Network Analytical Tool for Monitoring Global Food Safety Highlights China

  • Tamás Nepusz, 
  • Andrea Petróczi, 
  • Declan P. Naughton



The Beijing Declaration on food safety and security was signed by over fifty countries with the aim of developing comprehensive programs for monitoring food safety and security on behalf of their citizens. Currently, comprehensive systems for food safety and security are absent in many countries, and the systems that are in place have been developed on different principles allowing poor opportunities for integration.

Methodology/Principal Findings

We have developed a user-friendly analytical tool based on network approaches for instant customized analysis of food alert patterns in the European dataset from the Rapid Alert System for Food and Feed. Data taken from alert logs between January 2003 – August 2008 were processed using network analysis to i) capture complexity, ii) analyze trends, and iii) predict possible effects of interventions by identifying patterns of reporting activities between countries. The detector and transgressor relationships are readily identifiable between countries which are ranked using i) Google's PageRank algorithm and ii) the HITS algorithm of Kleinberg. The program identifies Iran, China and Turkey as the transgressors with the largest number of alerts. However, when characterized by impact, counting the transgressor index and the number of countries involved, China predominates as a transgressor country.

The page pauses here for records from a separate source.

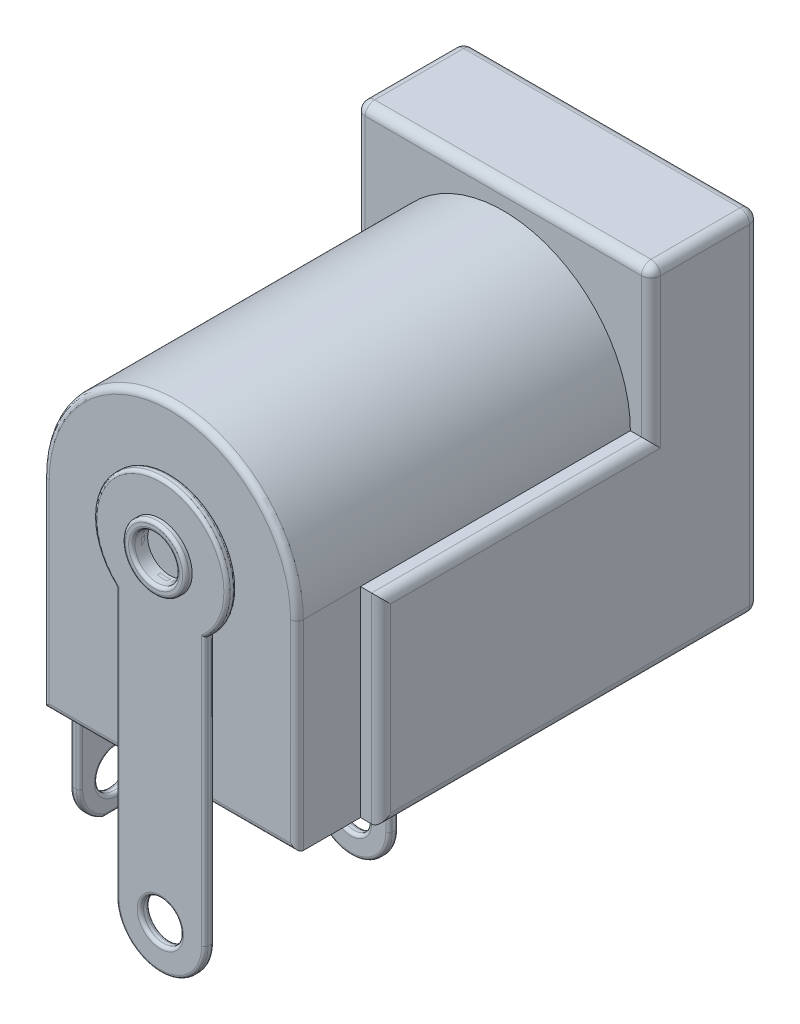
from build123d import *

# Parameters (mm, degrees)
SZKIC1_W                    = 9.3
SZKIC1_H                    = 11
DODANIE_WYCI_GNI_CIE1_DEPTH = 13.9
SZKIC2_W                    = 2.749255813
SZKIC2_H                    = 13.524079228
WYTNIJ_WYCI_GNI_CIE1_DEPTH  = 0.65
WYTNIJ_WYCI_GNI_CIE2_DEPTH  = 10.5
SZKIC4_R                    = 3.55
WYTNIJ_WYCI_GNI_CIE3_DEPTH  = 11.9
SZKIC5_R                    = 0.63
SZKIC5_R_2                  = 0.7
DODANIE_WYCI_GNI_CIE2_DEPTH = 0.3
SZKIC6_R                    = 1
DODANIE_WYCI_GNI_CIE3_DEPTH = 10
ZAOKR_GLENIE1_R             = 0.4
DODANIE_WYCI_GNI_CIE4_DEPTH = 1.3
ZAOKR_GLENIE2_R             = 0.5
ZAOKR_GLENIE3_R             = 0.3
ZAOKR_GLENIE4_R             = 0.2
ZAOKR_GLENIE5_R             = 0.1
SZKIC8_R                    = 1
SZKIC8_R_2                  = 0.7
DODANIE_WYCI_GNI_CIE5_DEPTH = 0.5
ZAOKR_GLENIE6_R             = 0.1
SZKIC9_R                    = 0.63
DODANIE_WYCI_GNI_CIE6_DEPTH = 0.3
ZAOKR_GLENIE7_R             = 0.1
DODANIE_WYCI_GNI_CIE7_DEPTH = 20.3
SZKIC11_OUTSIDE_W           = 27.84
SZKIC11_OUTSIDE_H           = 23.64
SZKIC11_OUTSIDE_R           = 0.63
WYTNIJ_WYCI_GNI_CIE4_DEPTH  = 20.3
ZAOKR_GLENIE8_R             = 0.1


with BuildPart() as part:
    # Szkic1 → Dodanie-wyciągnięcie1 (new body)
    with BuildSketch(Plane.XY):
        Rectangle(SZKIC1_W, SZKIC1_H)
    extrude(amount=DODANIE_WYCI_GNI_CIE1_DEPTH)

    # Szkic2 → Wytnij-wyciągnięcie1 (cut)
    with BuildSketch(Plane(origin=(4.65, 0, 0), x_dir=(0, 0, -1), z_dir=(1, 0, 0))):
        with Locations((-13.274627907, 1.262039614)):
            Rectangle(SZKIC2_W, SZKIC2_H)
    wytnij_wyci_gni_cie1 = extrude(amount=-WYTNIJ_WYCI_GNI_CIE1_DEPTH, mode=Mode.SUBTRACT)

    # Lustro1: Wytnij-wyciągnięcie1 across plane
    add(wytnij_wyci_gni_cie1.mirror(Plane(origin=(0, 0, 0), x_dir=(0, 0, 1), z_dir=(1, 0, 0))), mode=Mode.SUBTRACT)

    # Szkic3 → Wytnij-wyciągnięcie2 (cut)
    with BuildSketch(Plane.XY.offset(13.9)):
        with BuildLine():
            Line((-4, 0.8), (-6.611766209, 0.8))
            Line((-6.611766209, 0.8), (-6.611766209, 8.429628799))
            Line((-6.611766209, 8.429628799), (6.415013524, 8.429628799))
            Line((6.415013524, 8.429628799), (6.415013524, 0.8))
            Line((6.415013524, 0.8), (4, 0.8))
            ThreePointArc((4, 0.8), (0, 4.8), (-4, 0.8))
        make_face()
    extrude(amount=-WYTNIJ_WYCI_GNI_CIE2_DEPTH, mode=Mode.SUBTRACT)

    # Szkic4 → Wytnij-wyciągnięcie3 (cut)
    with BuildSketch(Plane(origin=(0, 0, 0), x_dir=(-1, 0, 0), z_dir=(0, 0, -1))):
        with Locations((0, 0.8)):
            Circle(SZKIC4_R)
    extrude(amount=-WYTNIJ_WYCI_GNI_CIE3_DEPTH, mode=Mode.SUBTRACT)

    # Zaokrąglenie2
    zaokr_glenie2_edges = [part.edges().sort_by_distance(p)[0] for p in [
        (3.55, 0.8, 0),
    ]]
    fillet(zaokr_glenie2_edges, radius=ZAOKR_GLENIE2_R)

    # Zaokrąglenie3
    zaokr_glenie3_edges = [part.edges().sort_by_distance(p)[0] for p in [
        (4.65, -5.5, 5.95),
        (4.65, -2.35, 11.9),
        (-4.65, -5.5, 5.95),
        (-4.65, -2.35, 11.9),
        (0, 5.5, 0),
        (4.65, 0, 0),
        (0, -5.5, 0),
        (-4.65, 0, 0),
        (4.65, 5.5, 1.7),
        (4.65, 3.15, 3.4),
        (-4.65, 5.5, 1.7),
        (4.65, 0.8, 7.65),
        (-4.65, 0.8, 7.65),
        (0, 5.5, 3.4),
        (-4.65, 3.15, 3.4),
    ]]
    fillet(zaokr_glenie3_edges, radius=ZAOKR_GLENIE3_R)

    # Zaokrąglenie4
    zaokr_glenie4_edges = [part.edges().sort_by_distance(p)[0] for p in [
        (0, -5.5, 13.9),
        (-4, -2.35, 13.9),
        (4, -2.35, 13.9),
        (0, 4.8, 13.9),
    ]]
    fillet(zaokr_glenie4_edges, radius=ZAOKR_GLENIE4_R)

    # Szkic8 → Dodanie-wyciągnięcie5 (add)
    with BuildSketch(Plane.XY.offset(13.9)):
        with Locations((0, 0.8)):
            Circle(SZKIC8_R)
        with Locations((0, 0.8)):
            Circle(SZKIC8_R_2, mode=Mode.SUBTRACT)
    extrude(amount=DODANIE_WYCI_GNI_CIE5_DEPTH)

    # Zaokrąglenie6
    zaokr_glenie6_edges = [part.edges().sort_by_distance(p)[0] for p in [
        (-1, 0.8, 14.4),
        (-0.7, 0.8, 14.4),
    ]]
    fillet(zaokr_glenie6_edges, radius=ZAOKR_GLENIE6_R)


with BuildPart() as body_2:
    # Szkic5 → Dodanie-wyciągnięcie2 (new body)
    with BuildSketch(Plane.XY.offset(13.9)):
        with BuildLine():
            Line((1.4, -5.5), (-1.4, -5.5))
            Line((-1.4, -5.5), (-1.4, -9.2))
            ThreePointArc((-1.4, -9.2), (0, -10.6), (1.4, -9.2))
            Line((1.4, -9.2), (1.4, -5.5))
        make_face()
        with Locations((0, -9.2)):
            Circle(SZKIC5_R, mode=Mode.SUBTRACT)
        with BuildLine():
            ThreePointArc((1.4, -0.765247584), (0, 2.9), (-1.4, -0.765247584))
            Line((-1.4, -0.765247584), (-1.4, -5.5))
            Line((-1.4, -5.5), (1.4, -5.5))
            Line((1.4, -5.5), (1.4, -0.765247584))
        make_face()
        with Locations((0, 0.8)):
            Circle(SZKIC5_R_2, mode=Mode.SUBTRACT)
    extrude(amount=DODANIE_WYCI_GNI_CIE2_DEPTH)

    # Zaokrąglenie5
    zaokr_glenie5_edges = [body_2.edges().sort_by_distance(p)[0] for p in [
        (-1.4, -4.982623792, 13.9),
        (-0.63, -9.2, 13.9),
        (-1.4, -4.982623792, 14.2),
        (0, -10.6, 14.2),
        (1.4, -4.982623792, 14.2),
        (0, 2.9, 14.2),
        (-0.7, 0.8, 14.2),
        (-0.63, -9.2, 14.2),
        (-0.7, 0.8, 13.9),
        (0, 2.9, 13.9),
        (1.4, -4.982623792, 13.9),
        (0, -10.6, 13.9),
    ]]
    fillet(zaokr_glenie5_edges, radius=ZAOKR_GLENIE5_R)


with BuildPart() as body_3:
    # Szkic6 → Dodanie-wyciągnięcie3 (new body)
    with BuildSketch(Plane(origin=(0, 0, 11.9), x_dir=(-1, 0, 0), z_dir=(0, 0, -1))):
        with Locations((0, 0.8)):
            Circle(SZKIC6_R)
    extrude(amount=DODANIE_WYCI_GNI_CIE3_DEPTH)

    # Zaokrąglenie1
    zaokr_glenie1_edges = [body_3.edges().sort_by_distance(p)[0] for p in [
        (1, 0.8, 1.9),
    ]]
    fillet(zaokr_glenie1_edges, radius=ZAOKR_GLENIE1_R)


with BuildPart() as body_4:
    # Szkic7 → Dodanie-wyciągnięcie4 (new body, symmetric)
    with BuildSketch(Plane(origin=(0, 0, 0), x_dir=(0, 0, -1), z_dir=(1, 0, 0))):
        with BuildLine():
            Line((-2.4, -1.451343329), (-2.4, -1.574639266))
            ThreePointArc((-2.4, -1.574639266), (-2.445080666, -1.701130372), (-2.56, -1.770598445))
            ThreePointArc((-2.56, -1.770598445), (-2.580211742, -1.769131782), (-2.6, -1.764762524))
            ThreePointArc((-2.6, -1.764762524), (-2.672249722, -1.714264448), (-2.7, -1.630598445))
            Line((-2.7, -1.630598445), (-2.7, -1.575949306))
            Line((-2.7, -1.575949306), (-5.15, -1.065247584))
            Line((-5.15, -1.065247584), (-7.6, -1.575949306))
            Line((-7.6, -1.575949306), (-7.6, -1.909704781))
            Line((-7.6, -1.909704781), (-7.9, -1.909704781))
            Line((-7.9, -1.909704781), (-7.9, -1.480474967))
            Line((-7.9, -1.480474967), (-7.9, -1.337476183))
            Line((-7.9, -1.337476183), (-5.178520727, -0.771182266))
            ThreePointArc((-5.178520727, -0.771182266), (-5.15, -0.768246369), (-5.121479273, -0.771182266))
            Line((-5.121479273, -0.771182266), (-2.571479273, -1.301794239))
            Line((-2.571479273, -1.301794239), (-2.511479273, -1.314279227))
            ThreePointArc((-2.511479273, -1.314279227), (-2.431388532, -1.36300563), (-2.4, -1.451343329))
        make_face()
    extrude(amount=DODANIE_WYCI_GNI_CIE4_DEPTH, both=True)


with BuildPart() as body_5:
    # Szkic9 → Dodanie-wyciągnięcie6 (new body)
    with BuildSketch(Plane(origin=(0, 0, 7.9), x_dir=(-1, 0, 0), z_dir=(0, 0, -1))):
        with BuildLine():
            Line((-1.2, -5.5), (-1.2, -9.2))
            ThreePointArc((-1.2, -9.2), (0, -10.4), (1.2, -9.2))
            Line((1.2, -9.2), (1.2, -5.5))
            Line((1.2, -5.5), (1.12, -5.5))
            Line((1.12, -5.5), (-1.12, -5.5))
            Line((-1.12, -5.5), (-1.2, -5.5))
        make_face()
        with Locations((0, -9.2)):
            Circle(SZKIC9_R, mode=Mode.SUBTRACT)
        with Locations((0, -9.2)):
            Circle(SZKIC9_R)
        with BuildLine():
            ThreePointArc((0.55, -9.2), (0.38890873, -8.81109127), (0, -8.65))
            ThreePointArc((0, -8.65), (-0.38890873, -9.58890873), (0.55, -9.2))
        make_face(mode=Mode.SUBTRACT)
    extrude(amount=-DODANIE_WYCI_GNI_CIE6_DEPTH)

    # Zaokrąglenie7
    zaokr_glenie7_edges = [body_5.edges().sort_by_distance(p)[0] for p in [
        (0, -10.4, 8.2),
        (-1.2, -7.35, 8.2),
        (0, -5.5, 8.2),
        (0.55, -9.2, 8.2),
        (1.2, -7.35, 8.2),
        (0.55, -9.2, 7.9),
        (0, -5.5, 7.9),
        (-1.2, -7.35, 7.9),
        (0, -10.4, 7.9),
        (1.2, -7.35, 7.9),
    ]]
    fillet(zaokr_glenie7_edges, radius=ZAOKR_GLENIE7_R)


with BuildPart() as body_6:
    # Szkic10 → Dodanie-wyciągnięcie7 (new body)
    with BuildSketch(Plane(origin=(0, 0, 0), x_dir=(-1, 0, 0), z_dir=(0, 0, -1))):
        with BuildLine():
            Line((4.85, -9.2), (4.85, -10.32))
            Line((4.85, -10.32), (5.15, -10.32))
            Line((5.15, -10.32), (5.15, -9.2))
            Line((5.15, -9.2), (5.15, -1.7))
            ThreePointArc((5.15, -1.7), (5.003553391, -1.346446609), (4.65, -1.2))
            Line((4.65, -1.2), (4.65, -1.28))
            Line((4.65, -1.28), (4.65, -1.403613054))
            Line((4.65, -1.403613054), (4.65, -1.5))
            ThreePointArc((4.65, -1.5), (4.797213595, -1.676393202), (4.85, -1.9))
            Line((4.85, -1.9), (4.85, -9.2))
        make_face()
    extrude(amount=-DODANIE_WYCI_GNI_CIE7_DEPTH)

    # Szkic11 outside → Wytnij-wyciągnięcie4 (cut)
    with BuildSketch(Plane.ZY.offset(5.15)):
        with Locations((10.15, -2.55)):
            Rectangle(SZKIC11_OUTSIDE_W, SZKIC11_OUTSIDE_H)
        with BuildLine():
            Line((11.9, -9.2), (11.9, -1.7))
            Line((11.9, -1.7), (11.9, -1.28))
            Line((11.9, -1.28), (11.9, -1.2))
            Line((11.9, -1.2), (11.82, -1.2))
            Line((11.82, -1.2), (11.4, -1.2))
            Line((11.4, -1.2), (9.58, -1.2))
            Line((9.58, -1.2), (9.5, -1.2))
            Line((9.5, -1.2), (9.5, -1.28))
            Line((9.5, -1.28), (9.5, -1.7))
            Line((9.5, -1.7), (9.5, -9.2))
            ThreePointArc((9.5, -9.2), (10.7, -10.4), (11.9, -9.2))
        make_face(mode=Mode.SUBTRACT)
        with Locations((10.7, -9.2)):
            Circle(SZKIC11_OUTSIDE_R)
    extrude(amount=-WYTNIJ_WYCI_GNI_CIE4_DEPTH, mode=Mode.SUBTRACT)

    # Zaokrąglenie8
    zaokr_glenie8_edges = [body_6.edges().sort_by_distance(p)[0] for p in [
        (-4.85, -10.32, 10.7),
        (-4.85, -5.55, 11.9),
        (-4.85, -9.879346811, 11.689185478),
        (-4.85, -5.55, 9.5),
        (-4.85, -9.879346811, 9.710814522),
        (-5.15, -10.32, 10.7),
        (-5.15, -9.879346811, 11.689185478),
        (-5.15, -9.879346811, 9.710814522),
        (-5.003553391, -1.346446609, 9.5),
        (-5.15, -5.45, 9.5),
        (-4.797213595, -1.676393202, 9.5),
        (-5.15, -5.45, 11.9),
        (-5.003553391, -1.346446609, 11.9),
        (-4.797213595, -1.676393202, 11.9),
        (-4.85, -9.2, 10.07),
        (-5.15, -9.2, 10.07),
    ]]
    fillet(zaokr_glenie8_edges, radius=ZAOKR_GLENIE8_R)


solid = Compound([part.part, body_2.part, body_3.part, body_4.part, body_5.part, body_6.part])

This study reports the first development of a network analysis approach to inform countries on their transgressor and detector profiles as a user-friendly aid for the adoption of the Beijing Declaration. The ability to instantly access the country-specific components of the several thousand annual reports will enable each country to identify the major transgressors and detectors within its trading network. Moreover, the tool can be used to monitor trading countries for improved detector/transgressor ratios.


Food safety and security is a worldwide priority issue. In accordance with the Beijing Declaration, all signatory countries have agreed to develop comprehensive programs for monitoring food safety and security on behalf of their citizens. Market globalization, coupled with the information revolution, brings a number of challenges to monitoring food safety, such as comprehension and presentation of large and continuously growing (living) data sets. At the operational level, investigations are frequently necessary on data sets which are under daily or hourly expansion through a number of levels of complexity. Although some 5% of EU foodstuffs are recalled owing to contamination at source, the majority of alerts happen after export from checks at border crossings or during marketing [1]. While attempts have been made to regulate food safety at continental or global levels, rules and regulations are in effect at the local level (i.e. border control or market testing). Actions of individual counties, whether they are exporting or importing, are motivated by their own local interest, and they form the intricate pattern of the global food safety. This pattern is organically emerging from the individual actions and can only be studied with posteriori analyses using food alert logs.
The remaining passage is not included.